## Exercise
In the entries that follow, the line with "constraint coincident origin L0" opens the range and the line with "constraint horizontal L9" closes it; repeat that range exactly, both lines included.

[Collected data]

•••••

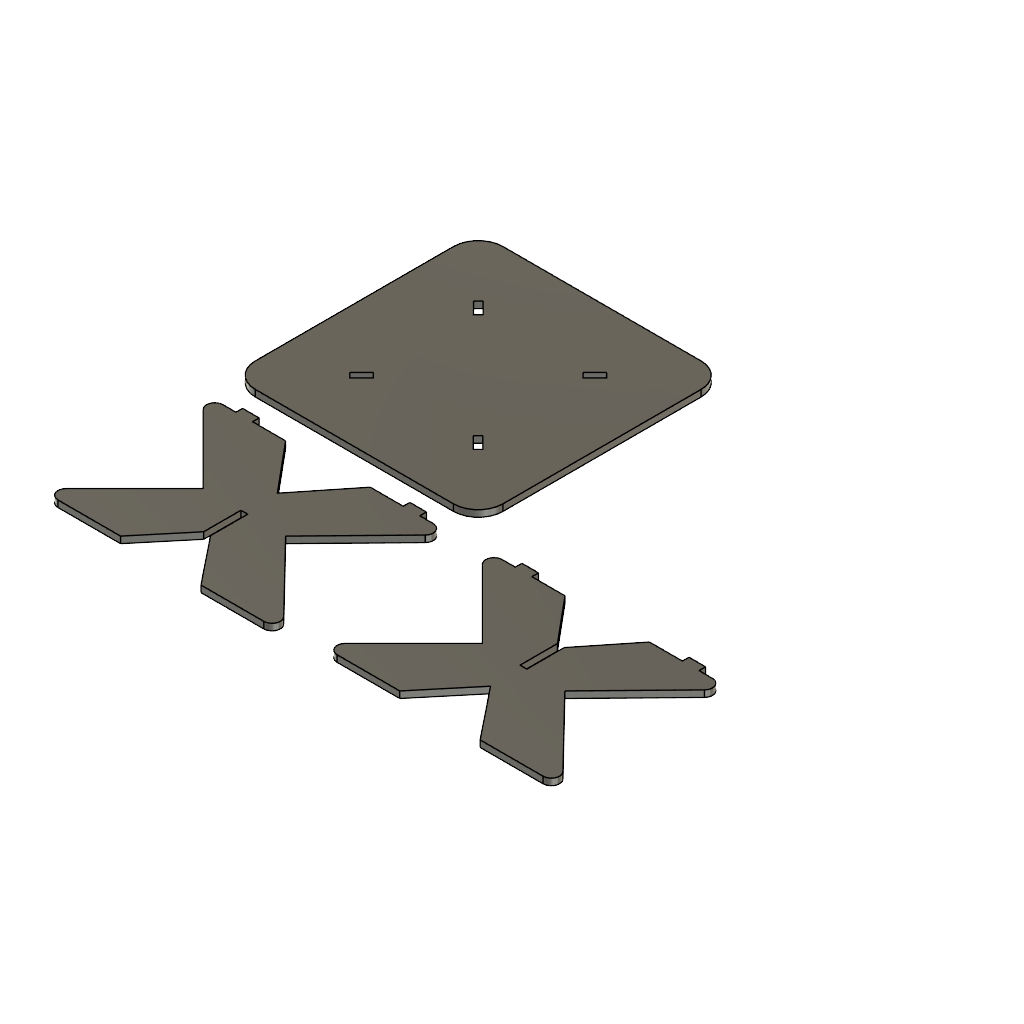
mesa-midterm (Autodesk Fusion 360 design; units mm, degrees)
part number: 2026-11-18-09-30-01-636
Autodesk Fusion 360 part; units mm, degrees
sketch "Boceto1" plane through (0, 0, 0) normal (0, 0, 1) x (1, 0, 0)
  line L0 (15, 0) -> (135, 0)
  line L1 (150, 15) -> (150, 135)
  line L2 (135, 150) -> (15, 150)
  line L3 (0, 135) -> (0, 15)
  arc A0 (15, 150) -> (0, 135) centre (15, 135) ccw
  arc A1 (150, 135) -> (135, 150) centre (135, 135) ccw
  arc A2 (0, 15) -> (15, 0) centre (15, 15) ccw
  arc A3 (135, 0) -> (150, 15) centre (135, 15) ccw
  line L4 (51.1197, -67.7446) -> (9.6552, -109.2091)
  line L5 (101.1197, -67.7446) -> (142.8359, -110.5846)
  line L6 (51.1197, -117.7446) -> (74.0197, -90.2646)
  line L7 (13.1907, -117.7446) -> (51.1197, -117.7446)
  line L8 (101.1197, -119.0728) -> (78.1197, -90.2509)
  line L9 (139.2537, -119.0728) -> (101.1197, -119.0728)
  line L10 (101.0197, -16.4165) -> (76.0773, -47.6938)
  line L11 (101.1197, -67.7446) -> (142.8359, -24.9047)
  line L12 (51.1197, -67.7446) -> (9.6552, -26.2802)
  line L13 (51.1197, -17.7446) -> (76.0773, -47.6938)
  arc A4 (9.6552, -109.2091) -> (13.1907, -117.7446) centre (13.1907, -112.7446) ccw
  arc A5 (139.2537, -119.0728) -> (142.8359, -110.5846) centre (139.2537, -114.0728) ccw
  arc A6 (13.1907, -17.7446) -> (9.6552, -26.2802) centre (13.1907, -22.7446) ccw
  arc A7 (142.8359, -24.9047) -> (139.2537, -16.4165) centre (139.2537, -21.4165) ccw
  line L14 (305.0234, -115.7385) -> (266.8894, -115.7385)
  line L15 (178.9605, -114.4103) -> (216.8894, -114.4103)
  arc A8 (178.9605, -14.4103) -> (175.4249, -22.9459) centre (178.9605, -19.4103) ccw
  line L16 (216.8894, -114.4103) -> (241.8894, -84.4103)
  line L17 (216.8894, -64.4103) -> (175.4249, -22.9459)
  line L18 (266.8894, -64.4103) -> (308.6056, -21.5704)
  line L19 (266.7894, -13.0822) -> (243.8894, -41.8182)
  arc A9 (175.4249, -105.8748) -> (178.9605, -114.4103) centre (178.9605, -109.4103) ccw
  line L20 (266.8894, -64.4103) -> (308.6056, -107.2503)
  arc A10 (305.0234, -115.7385) -> (308.6056, -107.2503) centre (305.0234, -110.7385) ccw
  line L21 (266.8894, -115.7385) -> (241.8894, -84.4103)
  line L22 (216.9894, -14.4104) -> (239.7894, -41.7593)
  line L23 (216.8894, -64.4103) -> (175.4249, -105.8748)
  arc A11 (308.6056, -21.5704) -> (305.0234, -13.0821) centre (305.0234, -18.0821) ccw
  line L24 (239.7894, -64.4103) -> (239.7894, -41.7593)
  line L25 (243.8894, -64.4103) -> (243.8894, -41.8182)
  line L26 (239.7894, -64.4103) -> (243.8894, -64.4103)
  line L27 (74.0197, -67.7446) -> (74.0197, -90.2646)
  line L28 (78.1197, -67.7446) -> (78.1197, -90.2509)
  line L29 (74.0197, -67.7446) -> (78.1197, -67.7446)
  line L30 (51.1197, -17.7446) -> (31.1197, -17.7446)
  line L31 (31.1197, -17.7446) -> (31.1197, -13.7446)
  line L32 (31.1197, -13.7446) -> (21.0197, -13.7446)
  line L33 (21.0197, -13.7446) -> (21.0197, -17.7446)
  line L34 (21.0197, -17.7446) -> (13.1907, -17.7446)
  line L35 (101.0197, -16.4165) -> (121.0197, -16.4165)
  line L36 (121.0197, -16.4165) -> (121.0197, -12.4165)
  line L37 (121.0197, -12.4165) -> (131.1197, -12.4165)
  line L38 (131.1197, -12.4165) -> (131.1197, -16.4165)
  line L39 (139.2537, -16.4165) -> (131.1197, -16.4165)
  line L40 (216.9894, -14.4104) -> (196.9894, -14.4104)
  line L41 (196.9894, -14.4104) -> (196.9894, -10.4104)
  line L42 (196.9894, -10.4104) -> (186.8894, -10.4104)
  line L43 (186.8894, -10.4104) -> (186.8894, -14.4104)
  line L44 (178.9605, -14.4103) -> (186.8894, -14.4104)
  line L45 (266.7894, -13.0822) -> (286.7894, -13.0822)
  line L46 (286.7894, -13.0822) -> (286.7894, -9.0822)
  line L47 (286.7894, -9.0822) -> (296.8894, -9.0822)
  line L48 (296.8894, -9.0822) -> (296.8894, -13.0822)
  line L49 (296.8894, -13.0822) -> (305.0234, -13.0821)
  line L50 (105.3349, 108.1633) -> (112.4767, 115.3051)
  line L51 (112.4767, 115.3051) -> (115.3758, 112.4059)
  line L52 (115.3758, 112.4059) -> (108.234, 105.2642)
  line L53 (41.8367, 105.3349) -> (34.6949, 112.4767)
  line L54 (34.6949, 112.4767) -> (37.5941, 115.3758)
  line L55 (37.5941, 115.3758) -> (44.7358, 108.234)
  line L56 (41.8367, 44.6651) -> (34.6949, 37.5233)
  line L57 (34.6949, 37.5233) -> (37.5941, 34.6242)
  line L58 (37.5941, 34.6242) -> (44.7358, 41.766)
  line L59 (108.1633, 44.6651) -> (115.3051, 37.5233)
  line L60 (115.3051, 37.5233) -> (112.4059, 34.6242)
  line L61 (112.4059, 34.6242) -> (105.2642, 41.766)
  line L62 (105.2642, 41.766) -> (108.1633, 44.6651)
  line L63 (41.8367, 44.6651) -> (44.7358, 41.766)
  line L64 (41.8367, 105.3349) -> (44.7358, 108.234)
  line L65 (105.3349, 108.1633) -> (108.234, 105.2642)
  point P0 (150, 0)
  point P1 (0, 150)
  dimension "d1" = 150
  dimension "d2" = 150
  dimension "d3" = 15
  dimension "d4" = 15
  dimension "d5" = 15
  dimension "d6" = 15
  dimension "d20" = 5
  dimension "d21" = 5
  dimension "d22" = 5
  dimension "d23" = 5
  dimension "d24" = 5
  dimension "d25" = 5
  dimension "d26" = 5
  dimension "d27" = 5
  dimension "d34" = 4.1
  dimension "d35" = 4.1
  dimension "d38" = 20
  dimension "d39" = 4
  dimension "d40" = 10.1
  dimension "d41" = 4
  dimension "d42" = 20
  dimension "d43" = 4
  dimension "d44" = 10.1
  dimension "d45" = 4
  dimension "d46" = 20
  dimension "d47" = 4
  dimension "d48" = 10.1
  dimension "d49" = 4
  dimension "d50" = 20
  dimension "d51" = 4
  dimension "d52" = 10.1
  dimension "d53" = 4
  dimension "d57" = 10.1
  dimension "d58" = 4.1
  dimension "d64" = 10.1
  dimension "d65" = 4.1
  dimension "d68" = 10.1
  dimension "d69" = 4.1
  dimension "d72" = 10.1
  dimension "d73" = 4.1
  constraint horizontal L0
  constraint vertical L1
  constraint horizontal L2
  constraint vertical L3
  constraint coincident P1 L2
  constraint coincident P1 L3
  constraint tangent L2 A0
  constraint tangent L3 A0
  constraint tangent L2 A1
  constraint tangent L1 A1
  constraint coincident origin L3
  constraint coincident origin L0
  constraint tangent L3 A2
  constraint tangent L0 A2
  constraint coincident P0 L0
  constraint coincident P0 L1
  constraint tangent L0 A3
  constraint tangent L1 A3
  constraint perpendicular L1 L7
  constraint horizontal L9
  constraint tangent L7 A4
  constraint tangent L4 A4
  constraint tangent L5 A5
  constraint tangent L9 A5
  constraint tangent L12 A6
  constraint tangent L11 A7
  constraint horizontal L14
  constraint tangent L15 A9
  constraint tangent A9 L23
  constraint tangent L20 A10
  constraint tangent L14 A10
  constraint tangent A8 L17
  constraint tangent L18 A11
  constraint perpendicular L25 L26
  constraint perpendicular L28 L29
  constraint perpendicular L30 L31
  constraint perpendicular L31 L32
  constraint perpendicular L32 L33
  constraint tangent A6 L34
  constraint horizontal L35
  constraint perpendicular L35 L36
  constraint perpendicular L36 L37
  constraint perpendicular L37 L38
  constraint tangent A7 L39
  constraint horizontal L40
  constraint perpendicular L40 L41
  constraint perpendicular L41 L42
  constraint perpendicular L42 L43
  constraint tangent A8 L44
  constraint perpendicular L43 L45
  constraint perpendicular L45 L46
  constraint perpendicular L46 L47
  constraint perpendicular L47 L48
  constraint tangent A11 L49
  constraint perpendicular L50 L51
  constraint perpendicular L53 L54
  constraint perpendicular L56 L57
  constraint perpendicular L59 L60
  constraint perpendicular L59 L62
  constraint perpendicular L58 L63
  constraint perpendicular L55 L64
  constraint perpendicular L52 L65
  measures "d1" distance of origin P0
  measures "d2" distance of origin P1
  measures "d3" radius of A0
  measures "d4" radius of A1
  measures "d5" radius of A2
  measures "d6" radius of A3
  measures "d20" radius of A4
  measures "d21" radius of A5
  measures "d22" radius of A6
  measures "d23" radius of A7
  measures "d24" radius of A9
  measures "d25" radius of A10
  measures "d26" radius of A8
  measures "d27" radius of A11
  measures "d34" distance of L25.start L24.start
  measures "d35" distance of L28.start L27.start
  measures "d38" distance of L13.start L30.end
  measures "d39" distance of L30.end L31.end
  measures "d40" distance of L31.end L32.end
  measures "d41" distance of L32.end L33.end
  measures "d42" distance of L10.start L35.end
  measures "d43" distance of L35.end L36.end
  measures "d44" distance of L36.end L37.end
  measures "d45" distance of L37.end L38.end
  measures "d46" distance of L22.start L40.end
  measures "d47" distance of L40.end L41.end
  measures "d48" distance of L41.end L42.end
  measures "d49" distance of L42.end L43.end
  measures "d50" distance of L19.start L45.end
  measures "d51" distance of L45.end L46.end
  measures "d52" distance of L46.end L47.end
  measures "d53" distance of L47.end L48.end
  measures "d57" distance of L50.start L50.end
  measures "d58" distance of L50.end L51.end
  measures "d64" distance of L53.start L53.end
  measures "d65" distance of L53.end L54.end
  measures "d68" distance of L56.start L56.end
  measures "d69" distance of L56.end L57.end
  measures "d72" distance of L59.start L59.end
  measures "d73" distance of L59.end L60.end
extrude "Extruir1" add sketch "Boceto1" along normal blind 4 makes body 1 at (85.1116, 86.0544, 0) makes body 2 at (115.0251, -99.134, 0) makes body 3 at (280.7948, -95.7997, 0)
equation "d34 = 4.00 mm + 2 * keff"
equation "d35 = 4.00 mm + 2 * keff"
equation "keff = 0.05 mm"
equation "d40 = 10 mm + 2 * keff"
equation "d44 = 10 mm + 2 * keff"
equation "d48 = 10 mm + 2 * keff"
equation "d52 = 10 mm + 2 * keff"
equation "d57 = 10 mm + 2 * keff"
equation "d58 = 4 mm + 2 * keff"
equation "d64 = 10 mm + 2 * keff"
equation "d65 = 4 mm + 2 * keff"
equation "d68 = 10 mm + 2 * keff"
equation "d69 = 4 mm + 2 * keff"
equation "d72 = 10 mm + 2 * keff"
equation "d73 = 4 mm + 2 * keff"

•••••

## Response to the exercise
  constraint coincident origin L0
  constraint tangent L3 A2
  constraint tangent L0 A2
  constraint coincident P0 L0
  constraint coincident P0 L1
  constraint tangent L0 A3
  constraint tangent L1 A3
  constraint perpendicular L1 L7
  constraint horizontal L9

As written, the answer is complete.